What this task involves: Search the material for the string "linetype", then show every line where it turns up.

Extracted records:
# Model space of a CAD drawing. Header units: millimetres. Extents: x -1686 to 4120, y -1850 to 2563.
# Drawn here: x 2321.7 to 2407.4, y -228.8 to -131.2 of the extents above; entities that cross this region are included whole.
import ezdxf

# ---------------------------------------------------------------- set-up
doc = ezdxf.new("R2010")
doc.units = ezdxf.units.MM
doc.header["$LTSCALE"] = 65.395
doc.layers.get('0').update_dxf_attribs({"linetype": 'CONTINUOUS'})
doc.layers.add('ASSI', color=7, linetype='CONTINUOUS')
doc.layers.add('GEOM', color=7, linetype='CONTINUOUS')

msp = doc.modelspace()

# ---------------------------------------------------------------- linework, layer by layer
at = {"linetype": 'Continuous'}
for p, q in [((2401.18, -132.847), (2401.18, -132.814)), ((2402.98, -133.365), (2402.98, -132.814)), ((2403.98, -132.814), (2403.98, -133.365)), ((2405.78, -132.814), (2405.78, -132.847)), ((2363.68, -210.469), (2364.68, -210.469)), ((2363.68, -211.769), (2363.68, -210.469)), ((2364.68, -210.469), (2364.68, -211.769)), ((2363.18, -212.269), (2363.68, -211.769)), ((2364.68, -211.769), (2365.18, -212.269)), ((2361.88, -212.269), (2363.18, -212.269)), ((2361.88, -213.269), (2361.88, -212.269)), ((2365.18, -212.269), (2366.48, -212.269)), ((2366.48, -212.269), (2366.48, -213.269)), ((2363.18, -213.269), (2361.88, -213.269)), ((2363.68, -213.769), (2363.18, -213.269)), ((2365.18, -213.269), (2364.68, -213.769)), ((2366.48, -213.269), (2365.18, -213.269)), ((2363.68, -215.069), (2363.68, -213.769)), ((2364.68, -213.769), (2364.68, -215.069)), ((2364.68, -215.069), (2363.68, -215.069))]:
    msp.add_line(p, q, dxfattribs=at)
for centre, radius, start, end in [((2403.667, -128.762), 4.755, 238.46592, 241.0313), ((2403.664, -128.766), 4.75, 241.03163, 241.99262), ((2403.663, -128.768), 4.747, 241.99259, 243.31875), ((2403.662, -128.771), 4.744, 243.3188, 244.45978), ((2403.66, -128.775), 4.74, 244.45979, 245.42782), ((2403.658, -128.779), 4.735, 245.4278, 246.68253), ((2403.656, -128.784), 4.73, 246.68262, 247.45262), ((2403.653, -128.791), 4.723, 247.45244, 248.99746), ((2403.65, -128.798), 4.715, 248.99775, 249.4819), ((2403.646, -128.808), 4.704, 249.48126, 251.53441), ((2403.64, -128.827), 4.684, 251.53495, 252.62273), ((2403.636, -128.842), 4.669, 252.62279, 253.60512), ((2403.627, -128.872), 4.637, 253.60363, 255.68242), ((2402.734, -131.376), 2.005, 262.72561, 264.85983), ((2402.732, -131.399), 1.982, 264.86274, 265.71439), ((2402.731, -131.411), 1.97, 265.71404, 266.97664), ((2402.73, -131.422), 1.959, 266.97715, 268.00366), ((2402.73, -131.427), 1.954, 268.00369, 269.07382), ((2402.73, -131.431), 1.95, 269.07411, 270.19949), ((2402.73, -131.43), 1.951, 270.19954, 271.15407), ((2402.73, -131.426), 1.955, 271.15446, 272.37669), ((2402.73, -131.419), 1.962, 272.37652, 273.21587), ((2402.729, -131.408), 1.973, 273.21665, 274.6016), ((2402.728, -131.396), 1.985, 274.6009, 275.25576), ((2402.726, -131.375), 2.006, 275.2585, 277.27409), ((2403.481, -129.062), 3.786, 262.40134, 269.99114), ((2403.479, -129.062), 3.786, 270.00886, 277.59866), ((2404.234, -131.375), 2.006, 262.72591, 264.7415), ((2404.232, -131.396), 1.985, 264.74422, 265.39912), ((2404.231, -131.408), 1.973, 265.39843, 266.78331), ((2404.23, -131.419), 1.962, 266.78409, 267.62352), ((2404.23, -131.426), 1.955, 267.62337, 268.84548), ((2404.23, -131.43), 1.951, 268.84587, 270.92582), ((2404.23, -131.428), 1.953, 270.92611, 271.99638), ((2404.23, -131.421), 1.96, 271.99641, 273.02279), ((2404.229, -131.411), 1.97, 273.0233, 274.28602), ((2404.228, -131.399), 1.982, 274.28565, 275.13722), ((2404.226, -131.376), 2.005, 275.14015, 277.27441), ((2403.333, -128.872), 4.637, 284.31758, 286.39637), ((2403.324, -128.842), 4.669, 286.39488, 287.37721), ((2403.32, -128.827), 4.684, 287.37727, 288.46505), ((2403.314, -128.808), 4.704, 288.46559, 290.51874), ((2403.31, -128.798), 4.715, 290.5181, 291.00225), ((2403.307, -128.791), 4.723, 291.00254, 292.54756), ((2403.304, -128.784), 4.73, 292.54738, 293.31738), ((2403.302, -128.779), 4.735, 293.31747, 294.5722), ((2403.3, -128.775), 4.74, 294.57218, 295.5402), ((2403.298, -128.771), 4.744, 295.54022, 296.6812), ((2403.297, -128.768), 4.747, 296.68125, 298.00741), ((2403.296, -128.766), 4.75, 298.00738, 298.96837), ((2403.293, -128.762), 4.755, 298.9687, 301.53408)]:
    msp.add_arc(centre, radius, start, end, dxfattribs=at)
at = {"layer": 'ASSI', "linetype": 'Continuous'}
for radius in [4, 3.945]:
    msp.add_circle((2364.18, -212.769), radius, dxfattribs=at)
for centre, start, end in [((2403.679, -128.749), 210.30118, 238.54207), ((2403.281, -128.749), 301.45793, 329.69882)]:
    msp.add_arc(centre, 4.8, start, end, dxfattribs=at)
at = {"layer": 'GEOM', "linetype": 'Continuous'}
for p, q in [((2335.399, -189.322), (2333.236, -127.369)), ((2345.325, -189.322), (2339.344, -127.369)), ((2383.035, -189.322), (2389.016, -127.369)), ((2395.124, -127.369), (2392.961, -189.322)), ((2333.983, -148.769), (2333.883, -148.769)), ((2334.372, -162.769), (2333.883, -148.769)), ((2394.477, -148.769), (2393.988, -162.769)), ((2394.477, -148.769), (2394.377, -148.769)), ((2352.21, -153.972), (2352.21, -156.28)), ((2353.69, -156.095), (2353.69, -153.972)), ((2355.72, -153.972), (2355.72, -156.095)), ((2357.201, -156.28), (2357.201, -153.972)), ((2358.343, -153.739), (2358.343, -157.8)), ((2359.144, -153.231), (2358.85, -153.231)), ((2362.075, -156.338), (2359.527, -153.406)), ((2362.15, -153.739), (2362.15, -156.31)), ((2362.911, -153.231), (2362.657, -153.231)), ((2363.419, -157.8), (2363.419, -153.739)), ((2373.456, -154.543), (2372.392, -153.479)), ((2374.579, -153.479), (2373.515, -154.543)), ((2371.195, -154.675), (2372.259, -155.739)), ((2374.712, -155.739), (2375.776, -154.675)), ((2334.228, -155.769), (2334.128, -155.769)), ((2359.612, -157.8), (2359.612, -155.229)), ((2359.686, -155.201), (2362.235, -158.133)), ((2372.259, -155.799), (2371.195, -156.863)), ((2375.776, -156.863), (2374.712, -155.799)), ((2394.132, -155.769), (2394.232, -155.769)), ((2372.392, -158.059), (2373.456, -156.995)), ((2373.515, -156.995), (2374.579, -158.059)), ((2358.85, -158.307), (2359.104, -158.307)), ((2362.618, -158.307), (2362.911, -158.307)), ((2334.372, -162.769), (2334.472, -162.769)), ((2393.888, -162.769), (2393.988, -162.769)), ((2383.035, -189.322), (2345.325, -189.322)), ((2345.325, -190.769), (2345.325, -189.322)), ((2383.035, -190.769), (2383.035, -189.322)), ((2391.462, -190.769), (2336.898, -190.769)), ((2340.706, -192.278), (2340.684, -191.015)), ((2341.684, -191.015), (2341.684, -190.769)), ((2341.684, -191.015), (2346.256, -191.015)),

Written reply:
doc.layers.get('0').update_dxf_attribs({"linetype": 'CONTINUOUS'})
doc.layers.add('ASSI', color=7, linetype='CONTINUOUS')
doc.layers.add('GEOM', color=7, linetype='CONTINUOUS')
at = {"linetype": 'Continuous'}
at = {"layer": 'ASSI', "linetype": 'Continuous'}
at = {"layer": 'GEOM', "linetype": 'Continuous'}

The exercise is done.